§ **EXERCISE DIRECTIONS**
When a line in the entries contains the word "symbols", copy that line in full.
'''
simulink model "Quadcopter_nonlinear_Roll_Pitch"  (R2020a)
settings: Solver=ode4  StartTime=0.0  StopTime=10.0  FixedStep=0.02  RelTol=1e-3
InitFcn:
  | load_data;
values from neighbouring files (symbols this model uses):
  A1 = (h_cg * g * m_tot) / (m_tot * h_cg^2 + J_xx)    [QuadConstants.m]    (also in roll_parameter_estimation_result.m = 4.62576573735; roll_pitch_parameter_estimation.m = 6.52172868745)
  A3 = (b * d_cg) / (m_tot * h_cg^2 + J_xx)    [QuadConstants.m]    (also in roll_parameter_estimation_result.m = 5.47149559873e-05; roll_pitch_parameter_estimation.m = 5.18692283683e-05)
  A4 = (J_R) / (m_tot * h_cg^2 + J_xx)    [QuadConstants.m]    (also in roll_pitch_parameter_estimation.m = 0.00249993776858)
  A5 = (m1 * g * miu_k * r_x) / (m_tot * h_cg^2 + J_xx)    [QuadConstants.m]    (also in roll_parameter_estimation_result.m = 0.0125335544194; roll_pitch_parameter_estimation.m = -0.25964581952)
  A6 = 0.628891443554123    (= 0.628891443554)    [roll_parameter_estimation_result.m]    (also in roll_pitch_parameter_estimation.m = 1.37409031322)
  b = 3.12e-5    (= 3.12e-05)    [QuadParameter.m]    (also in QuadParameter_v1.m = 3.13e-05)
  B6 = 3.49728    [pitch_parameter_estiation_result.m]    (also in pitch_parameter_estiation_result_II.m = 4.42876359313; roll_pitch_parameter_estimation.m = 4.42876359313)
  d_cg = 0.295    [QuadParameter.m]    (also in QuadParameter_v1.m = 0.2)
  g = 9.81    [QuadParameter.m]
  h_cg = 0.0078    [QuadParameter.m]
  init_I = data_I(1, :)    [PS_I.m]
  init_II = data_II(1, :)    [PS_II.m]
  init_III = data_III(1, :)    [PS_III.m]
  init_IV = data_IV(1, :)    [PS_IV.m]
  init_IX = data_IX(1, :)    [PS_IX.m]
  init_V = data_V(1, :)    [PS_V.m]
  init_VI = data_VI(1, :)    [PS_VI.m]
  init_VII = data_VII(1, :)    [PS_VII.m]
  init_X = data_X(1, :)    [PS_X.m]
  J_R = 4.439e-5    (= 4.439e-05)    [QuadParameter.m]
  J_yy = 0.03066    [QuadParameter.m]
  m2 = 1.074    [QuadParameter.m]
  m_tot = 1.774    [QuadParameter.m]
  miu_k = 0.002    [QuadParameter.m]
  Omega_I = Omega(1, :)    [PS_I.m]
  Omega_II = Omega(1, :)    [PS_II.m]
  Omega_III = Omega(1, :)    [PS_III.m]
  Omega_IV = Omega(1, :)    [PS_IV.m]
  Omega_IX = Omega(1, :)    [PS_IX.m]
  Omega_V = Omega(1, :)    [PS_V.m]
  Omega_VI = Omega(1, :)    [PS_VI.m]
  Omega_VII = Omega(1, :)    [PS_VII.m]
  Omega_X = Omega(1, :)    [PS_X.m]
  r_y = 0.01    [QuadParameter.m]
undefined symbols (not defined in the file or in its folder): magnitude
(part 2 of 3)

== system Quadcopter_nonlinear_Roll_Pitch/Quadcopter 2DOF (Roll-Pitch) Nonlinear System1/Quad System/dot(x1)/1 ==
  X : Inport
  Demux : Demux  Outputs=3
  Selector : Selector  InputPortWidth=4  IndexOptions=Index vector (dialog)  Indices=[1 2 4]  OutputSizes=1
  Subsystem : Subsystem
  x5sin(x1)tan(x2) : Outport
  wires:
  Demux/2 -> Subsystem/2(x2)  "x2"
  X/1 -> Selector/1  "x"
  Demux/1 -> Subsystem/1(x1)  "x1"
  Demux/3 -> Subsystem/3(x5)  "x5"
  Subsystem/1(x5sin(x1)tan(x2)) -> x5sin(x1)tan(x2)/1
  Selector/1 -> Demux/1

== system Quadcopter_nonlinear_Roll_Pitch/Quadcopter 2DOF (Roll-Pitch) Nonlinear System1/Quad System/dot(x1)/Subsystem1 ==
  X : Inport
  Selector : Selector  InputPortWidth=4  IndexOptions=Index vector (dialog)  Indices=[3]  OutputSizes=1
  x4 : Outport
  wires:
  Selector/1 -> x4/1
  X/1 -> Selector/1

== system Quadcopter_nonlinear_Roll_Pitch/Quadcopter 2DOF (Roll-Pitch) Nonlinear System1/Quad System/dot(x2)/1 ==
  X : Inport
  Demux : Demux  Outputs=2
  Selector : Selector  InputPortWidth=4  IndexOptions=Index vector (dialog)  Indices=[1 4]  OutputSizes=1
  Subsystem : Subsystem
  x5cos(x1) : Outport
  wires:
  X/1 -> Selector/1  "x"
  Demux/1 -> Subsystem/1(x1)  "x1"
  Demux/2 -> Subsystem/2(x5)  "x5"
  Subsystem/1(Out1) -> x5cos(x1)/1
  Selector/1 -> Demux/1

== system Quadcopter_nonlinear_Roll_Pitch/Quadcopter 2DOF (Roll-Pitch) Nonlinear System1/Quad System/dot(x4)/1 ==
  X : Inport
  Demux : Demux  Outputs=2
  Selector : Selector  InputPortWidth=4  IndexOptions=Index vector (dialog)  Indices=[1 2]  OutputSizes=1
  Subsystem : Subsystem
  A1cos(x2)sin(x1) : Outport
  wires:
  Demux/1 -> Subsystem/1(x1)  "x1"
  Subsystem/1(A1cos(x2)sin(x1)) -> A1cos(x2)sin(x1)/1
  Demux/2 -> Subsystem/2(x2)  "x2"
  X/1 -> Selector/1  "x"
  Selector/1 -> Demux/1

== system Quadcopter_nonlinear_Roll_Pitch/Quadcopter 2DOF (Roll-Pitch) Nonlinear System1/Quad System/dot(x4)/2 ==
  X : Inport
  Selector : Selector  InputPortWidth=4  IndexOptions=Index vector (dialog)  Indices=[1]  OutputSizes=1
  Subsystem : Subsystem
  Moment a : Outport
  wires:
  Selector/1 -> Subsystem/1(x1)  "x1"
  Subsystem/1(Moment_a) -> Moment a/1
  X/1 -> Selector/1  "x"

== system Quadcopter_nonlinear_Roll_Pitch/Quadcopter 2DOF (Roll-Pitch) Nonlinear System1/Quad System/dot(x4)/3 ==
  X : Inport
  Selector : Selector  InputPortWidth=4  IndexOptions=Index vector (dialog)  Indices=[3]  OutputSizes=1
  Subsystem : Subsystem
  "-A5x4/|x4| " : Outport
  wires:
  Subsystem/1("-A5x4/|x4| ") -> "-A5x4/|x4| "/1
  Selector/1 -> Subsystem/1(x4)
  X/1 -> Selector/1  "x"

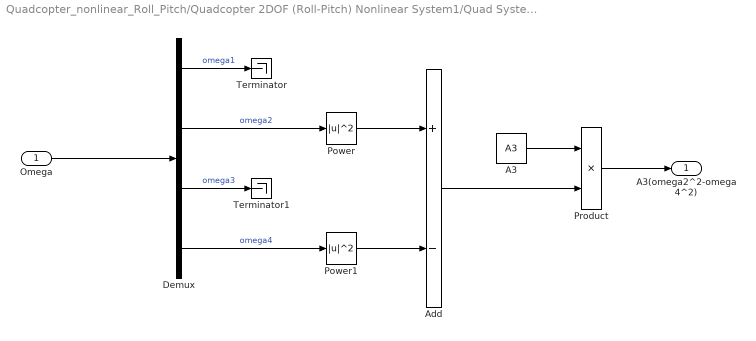
== system Quadcopter_nonlinear_Roll_Pitch/Quadcopter 2DOF (Roll-Pitch) Nonlinear System1/Quad System/dot(x4)/Subsystem ==
  Omega : Inport
  A3 : Constant  Value=A3
  Add : Sum  Inputs=+-
  Demux : Demux
  Power : Math  Operator=magnitude^2  SaturateOnIntegerOverflow=on
  Power1 : Math  Operator=magnitude^2  SaturateOnIntegerOverflow=on
  Product : Product
  Terminator : Terminator
  Terminator1 : Terminator
  A3(omega2^2-omega4^2) : Outport
  wires:
  Product/1 -> A3(omega2^2-omega4^2)/1
  Power1/1 -> Add/2
  Demux/2 -> Power/1  "omega2"
  Demux/4 -> Power1/1  "omega4"
  Add/1 -> Product/2
  Power/1 -> Add/1
  A3/1 -> Product/1
  Omega/1 -> Demux/1
  Demux/3 -> Terminator1/1  "omega3"
  Demux/1 -> Terminator/1  "omega1"

== system Quadcopter_nonlinear_Roll_Pitch/Quadcopter 2DOF (Roll-Pitch) Nonlinear System1/Quad System/dot(x4)/Subsystem1 ==
  X : Inport
  Omega : Inport  Port=2
  A4 : Constant  Value=A4
  Add : Sum  Inputs=+-+-
  Demux : Demux
  Product : Product  Inputs=3
  Selector : Selector  InputPortWidth=4  IndexOptions=Index vector (dialog)  Indices=[4]  OutputSizes=1
  A4x5(omega1-omega2+omega3-omega4) : Outport
  wires:
  Omega/1 -> Demux/1
  Demux/1 -> Add/1  "omega1"
  Demux/2 -> Add/2  "omega2"
  Demux/3 -> Add/3  "omega3"
  Demux/4 -> Add/4  "omega4"
  Add/1 -> Product/1
  A4/1 -> Product/2
  Product/1 -> A4x5(omega1-omega2+omega3-omega4)/1
  Selector/1 -> Product/3
  X/1 -> Selector/1  "x"

== system Quadcopter_nonlinear_Roll_Pitch/Quadcopter 2DOF (Roll-Pitch) Nonlinear System1/Quad System/dot(x5)/1 ==
  X : Inport
  Selector : Selector  InputPortWidth=4  IndexOptions=Index vector (dialog)  Indices=[2]  OutputSizes=1
  Subsystem : Subsystem
  B1sin(x2) : Outport
  wires:
  Subsystem/1(B1sin(x2)) -> B1sin(x2)/1
  Selector/1 -> Subsystem/1(x2)
  X/1 -> Selector/1  "x"

== system Quadcopter_nonlinear_Roll_Pitch/Quadcopter 2DOF (Roll-Pitch) Nonlinear System1/Quad System/dot(x5)/2 ==
  X : Inport
  Selector : Selector  InputPortWidth=4  IndexOptions=Index vector (dialog)  Indices=[2]  OutputSizes=1
  Subsystem : Subsystem
  Moment_a : Outport
  wires:
  X/1 -> Selector/1  "x"
  Subsystem/1(moment_a) -> Moment_a/1
  Selector/1 -> Subsystem/1(In1)

== system Quadcopter_nonlinear_Roll_Pitch/Quadcopter 2DOF (Roll-Pitch) Nonlinear System1/Quad System/dot(x5)/3 ==
  X : Inport
  Selector : Selector  InputPortWidth=4  IndexOptions=Index vector (dialog)  Indices=[4]  OutputSizes=1
  Subsystem : Subsystem
  "-B5x5/|x5| " : Outport
  wires:
  Selector/1 -> Subsystem/1(x5)  "x5"
  Subsystem/1("-B5x5/|x5| ") -> "-B5x5/|x5| "/1
  X/1 -> Selector/1  "x"

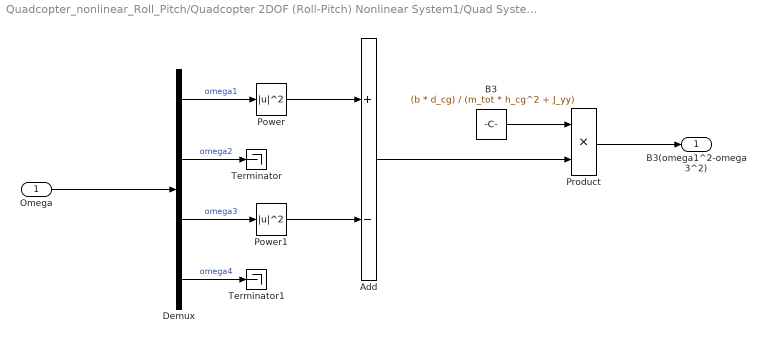
== system Quadcopter_nonlinear_Roll_Pitch/Quadcopter 2DOF (Roll-Pitch) Nonlinear System1/Quad System/dot(x5)/Subsystem ==
  Omega : Inport
  Add : Sum  Inputs=+-
  B3 : Constant  Value=(b * d_cg) / (m_tot * h_cg^2 + J_yy)
  Demux : Demux
  Power : Math  Operator=magnitude^2  SaturateOnIntegerOverflow=on
  Power1 : Math  Operator=magnitude^2  SaturateOnIntegerOverflow=on
  Product : Product
  Terminator : Terminator
  Terminator1 : Terminator
  B3(omega1^2-omega3^2) : Outport
  wires:
  Product/1 -> B3(omega1^2-omega3^2)/1
  Power1/1 -> Add/2
  Add/1 -> Product/2
  Power/1 -> Add/1
  B3/1 -> Product/1
  Omega/1 -> Demux/1
  Demux/3 -> Power1/1  "omega3"
  Demux/1 -> Power/1  "omega1"
  Demux/2 -> Terminator/1  "omega2"
  Demux/4 -> Terminator1/1  "omega4"

== system Quadcopter_nonlinear_Roll_Pitch/Quadcopter 2DOF (Roll-Pitch) Nonlinear System1/Quad System/dot(x5)/Subsystem1 ==
  X : Inport
  Omega : Inport  Port=2
  Add : Sum  Inputs=+-+-
  B4 : Constant  Value=(-J_R) / (m_tot * h_cg^2 + J_yy)
  Demux : Demux
  Product : Product  Inputs=3
  Selector : Selector  InputPortWidth=4  IndexOptions=Index vector (dialog)  Indices=[3]  OutputSizes=1
  B4x4(omega1-omega2+omega3-omega4) : Outport
  wires:
  Omega/1 -> Demux/1
  Demux/1 -> Add/1  "omega1"
  Demux/2 -> Add/2  "omega2"
  Demux/3 -> Add/3  "omega3"
  Demux/4 -> Add/4  "omega4"
  Add/1 -> Product/1
  B4/1 -> Product/2
  Product/1 -> B4x4(omega1-omega2+omega3-omega4)/1
  Selector/1 -> Product/3
  X/1 -> Selector/1  "x"

== system Quadcopter_nonlinear_Roll_Pitch/Quadcopter 2DOF (Roll-Pitch) Nonlinear System2/Quad System/dot(x1)/1 ==
  X : Inport
  Demux : Demux  Outputs=3
  Selector : Selector  InputPortWidth=4  IndexOptions=Index vector (dialog)  Indices=[1 2 4]  OutputSizes=1
  Subsystem : Subsystem
  x5sin(x1)tan(x2) : Outport
  wires:
  Demux/2 -> Subsystem/2(x2)  "x2"
  X/1 -> Selector/1  "x"
  Demux/1 -> Subsystem/1(x1)  "x1"
  Demux/3 -> Subsystem/3(x5)  "x5"
  Subsystem/1(x5sin(x1)tan(x2)) -> x5sin(x1)tan(x2)/1
  Selector/1 -> Demux/1

== system Quadcopter_nonlinear_Roll_Pitch/Quadcopter 2DOF (Roll-Pitch) Nonlinear System2/Quad System/dot(x1)/Subsystem1 ==
  X : Inport
  Selector : Selector  InputPortWidth=4  IndexOptions=Index vector (dialog)  Indices=[3]  OutputSizes=1
  x4 : Outport
  wires:
  Selector/1 -> x4/1
  X/1 -> Selector/1

== system Quadcopter_nonlinear_Roll_Pitch/Quadcopter 2DOF (Roll-Pitch) Nonlinear System2/Quad System/dot(x2)/1 ==
  X : Inport
  Demux : Demux  Outputs=2
  Selector : Selector  InputPortWidth=4  IndexOptions=Index vector (dialog)  Indices=[1 4]  OutputSizes=1
  Subsystem : Subsystem
  x5cos(x1) : Outport
  wires:
  X/1 -> Selector/1  "x"
  Demux/1 -> Subsystem/1(x1)  "x1"
  Demux/2 -> Subsystem/2(x5)  "x5"
  Subsystem/1(Out1) -> x5cos(x1)/1
  Selector/1 -> Demux/1

== system Quadcopter_nonlinear_Roll_Pitch/Quadcopter 2DOF (Roll-Pitch) Nonlinear System2/Quad System/dot(x4)/1 ==
  X : Inport
  Demux : Demux  Outputs=2
  Selector : Selector  InputPortWidth=4  IndexOptions=Index vector (dialog)  Indices=[1 2]  OutputSizes=1
  Subsystem : Subsystem
  A1cos(x2)sin(x1) : Outport
  wires:
  Demux/1 -> Subsystem/1(x1)  "x1"
  Subsystem/1(A1cos(x2)sin(x1)) -> A1cos(x2)sin(x1)/1
  Demux/2 -> Subsystem/2(x2)  "x2"
  X/1 -> Selector/1  "x"
  Selector/1 -> Demux/1

== system Quadcopter_nonlinear_Roll_Pitch/Quadcopter 2DOF (Roll-Pitch) Nonlinear System2/Quad System/dot(x4)/2 ==
  X : Inport
  Selector : Selector  InputPortWidth=4  IndexOptions=Index vector (dialog)  Indices=[1]  OutputSizes=1
  Subsystem : Subsystem
  Moment a : Outport
  wires:
  Selector/1 -> Subsystem/1(x1)  "x1"
  Subsystem/1(Moment_a) -> Moment a/1
  X/1 -> Selector/1  "x"

== system Quadcopter_nonlinear_Roll_Pitch/Quadcopter 2DOF (Roll-Pitch) Nonlinear System2/Quad System/dot(x4)/3 ==
  X : Inport
  Selector : Selector  InputPortWidth=4  IndexOptions=Index vector (dialog)  Indices=[3]  OutputSizes=1
  Subsystem : Subsystem
  "-A5x4/|x4| " : Outport
  wires:
  Subsystem/1("-A5x4/|x4| ") -> "-A5x4/|x4| "/1
  Selector/1 -> Subsystem/1(x4)
  X/1 -> Selector/1  "x"

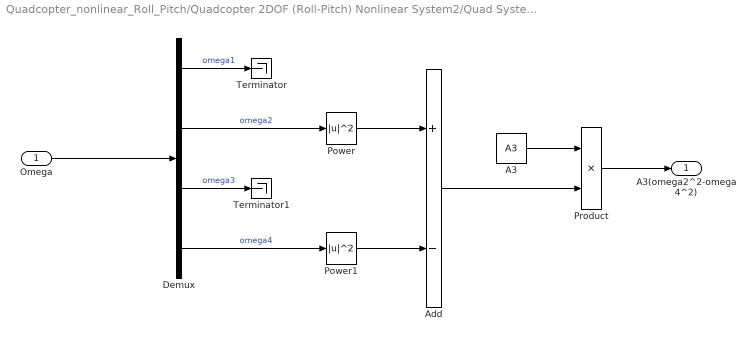
== system Quadcopter_nonlinear_Roll_Pitch/Quadcopter 2DOF (Roll-Pitch) Nonlinear System2/Quad System/dot(x4)/Subsystem ==
  Omega : Inport
  A3 : Constant  Value=A3
  Add : Sum  Inputs=+-
  Demux : Demux
  Power : Math  Operator=magnitude^2  SaturateOnIntegerOverflow=on
  Power1 : Math  Operator=magnitude^2  SaturateOnIntegerOverflow=on
  Product : Product
  Terminator : Terminator
  Terminator1 : Terminator
  A3(omega2^2-omega4^2) : Outport
  wires:
  Product/1 -> A3(omega2^2-omega4^2)/1
  Power1/1 -> Add/2
  Demux/2 -> Power/1  "omega2"
  Demux/4 -> Power1/1  "omega4"
  Add/1 -> Product/2
  Power/1 -> Add/1
  A3/1 -> Product/1
  Omega/1 -> Demux/1
  Demux/3 -> Terminator1/1  "omega3"
  Demux/1 -> Terminator/1  "omega1"

== system Quadcopter_nonlinear_Roll_Pitch/Quadcopter 2DOF (Roll-Pitch) Nonlinear System2/Quad System/dot(x4)/Subsystem1 ==
  X : Inport
  Omega : Inport  Port=2
  A4 : Constant  Value=A4
  Add : Sum  Inputs=+-+-
  Demux : Demux
  Product : Product  Inputs=3
  Selector : Selector  InputPortWidth=4  IndexOptions=Index vector (dialog)  Indices=[4]  OutputSizes=1
  A4x5(omega1-omega2+omega3-omega4) : Outport
  wires:
  Omega/1 -> Demux/1
  Demux/1 -> Add/1  "omega1"
  Demux/2 -> Add/2  "omega2"
  Demux/3 -> Add/3  "omega3"
  Demux/4 -> Add/4  "omega4"
  Add/1 -> Product/1
  A4/1 -> Product/2
  Product/1 -> A4x5(omega1-omega2+omega3-omega4)/1
  Selector/1 -> Product/3
  X/1 -> Selector/1  "x"

== system Quadcopter_nonlinear_Roll_Pitch/Quadcopter 2DOF (Roll-Pitch) Nonlinear System2/Quad System/dot(x5)/1 ==
  X : Inport
  Selector : Selector  InputPortWidth=4  IndexOptions=Index vector (dialog)  Indices=[2]  OutputSizes=1
  Subsystem : Subsystem
  B1sin(x2) : Outport
  wires:
  Subsystem/1(B1sin(x2)) -> B1sin(x2)/1
  Selector/1 -> Subsystem/1(x2)
  X/1 -> Selector/1  "x"

== system Quadcopter_nonlinear_Roll_Pitch/Quadcopter 2DOF (Roll-Pitch) Nonlinear System2/Quad System/dot(x5)/2 ==
  X : Inport
  Selector : Selector  InputPortWidth=4  IndexOptions=Index vector (dialog)  Indices=[2]  OutputSizes=1
  Subsystem : Subsystem
  Moment_a : Outport
  wires:
  X/1 -> Selector/1  "x"
  Subsystem/1(moment_a) -> Moment_a/1
  Selector/1 -> Subsystem/1(In1)

== system Quadcopter_nonlinear_Roll_Pitch/Quadcopter 2DOF (Roll-Pitch) Nonlinear System2/Quad System/dot(x5)/3 ==
  X : Inport
  Selector : Selector  InputPortWidth=4  IndexOptions=Index vector (dialog)  Indices=[4]  OutputSizes=1
  Subsystem : Subsystem
  "-B5x5/|x5| " : Outport
  wires:
  Selector/1 -> Subsystem/1(x5)  "x5"
  Subsystem/1("-B5x5/|x5| ") -> "-B5x5/|x5| "/1
  X/1 -> Selector/1  "x"

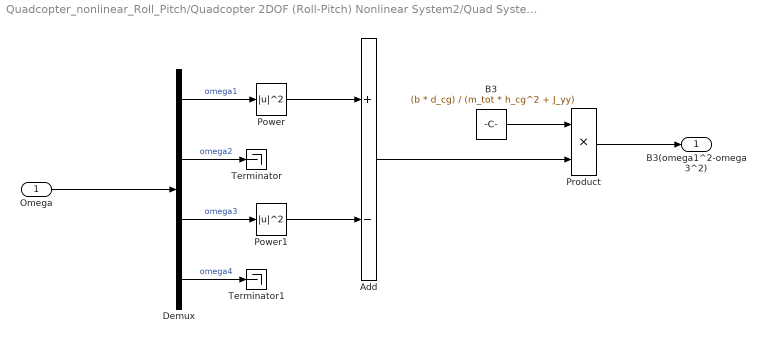
== system Quadcopter_nonlinear_Roll_Pitch/Quadcopter 2DOF (Roll-Pitch) Nonlinear System2/Quad System/dot(x5)/Subsystem ==
  Omega : Inport
  Add : Sum  Inputs=+-
  B3 : Constant  Value=(b * d_cg) / (m_tot * h_cg^2 + J_yy)
  Demux : Demux
  Power : Math  Operator=magnitude^2  SaturateOnIntegerOverflow=on
  Power1 : Math  Operator=magnitude^2  SaturateOnIntegerOverflow=on
  Product : Product
  Terminator : Terminator
  Terminator1 : Terminator
  B3(omega1^2-omega3^2) : Outport
  wires:
  Product/1 -> B3(omega1^2-omega3^2)/1
  Power1/1 -> Add/2
  Add/1 -> Product/2
  Power/1 -> Add/1
  B3/1 -> Product/1
  Omega/1 -> Demux/1
  Demux/3 -> Power1/1  "omega3"
  Demux/1 -> Power/1  "omega1"
  Demux/2 -> Terminator/1  "omega2"
  Demux/4 -> Terminator1/1  "omega4"

== system Quadcopter_nonlinear_Roll_Pitch/Quadcopter 2DOF (Roll-Pitch) Nonlinear System2/Quad System/dot(x5)/Subsystem1 ==
  X : Inport
  Omega : Inport  Port=2
  Add : Sum  Inputs=+-+-
  B4 : Constant  Value=(-J_R) / (m_tot * h_cg^2 + J_yy)
  Demux : Demux
  Product : Product  Inputs=3
  Selector : Selector  InputPortWidth=4  IndexOptions=Index vector (dialog)  Indices=[3]  OutputSizes=1
  B4x4(omega1-omega2+omega3-omega4) : Outport
  wires:
  Omega/1 -> Demux/1
  Demux/1 -> Add/1  "omega1"
  Demux/2 -> Add/2  "omega2"
  Demux/3 -> Add/3  "omega3"
  Demux/4 -> Add/4  "omega4"
  Add/1 -> Product/1
  B4/1 -> Product/2
  Product/1 -> B4x4(omega1-omega2+omega3-omega4)/1
  Selector/1 -> Product/3
  X/1 -> Selector/1  "x"

== system Quadcopter_nonlinear_Roll_Pitch/Quadcopter 2DOF (Roll-Pitch) Nonlinear System3/Quad System/dot(x1)/1 ==
  X : Inport
  Demux : Demux  Outputs=3
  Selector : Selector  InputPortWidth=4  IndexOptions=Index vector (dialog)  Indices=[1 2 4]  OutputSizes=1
'''
§ **SOLUTION FOR THIS TASK**
values from neighbouring files (symbols this model uses):
undefined symbols (not defined in the file or in its folder): magnitude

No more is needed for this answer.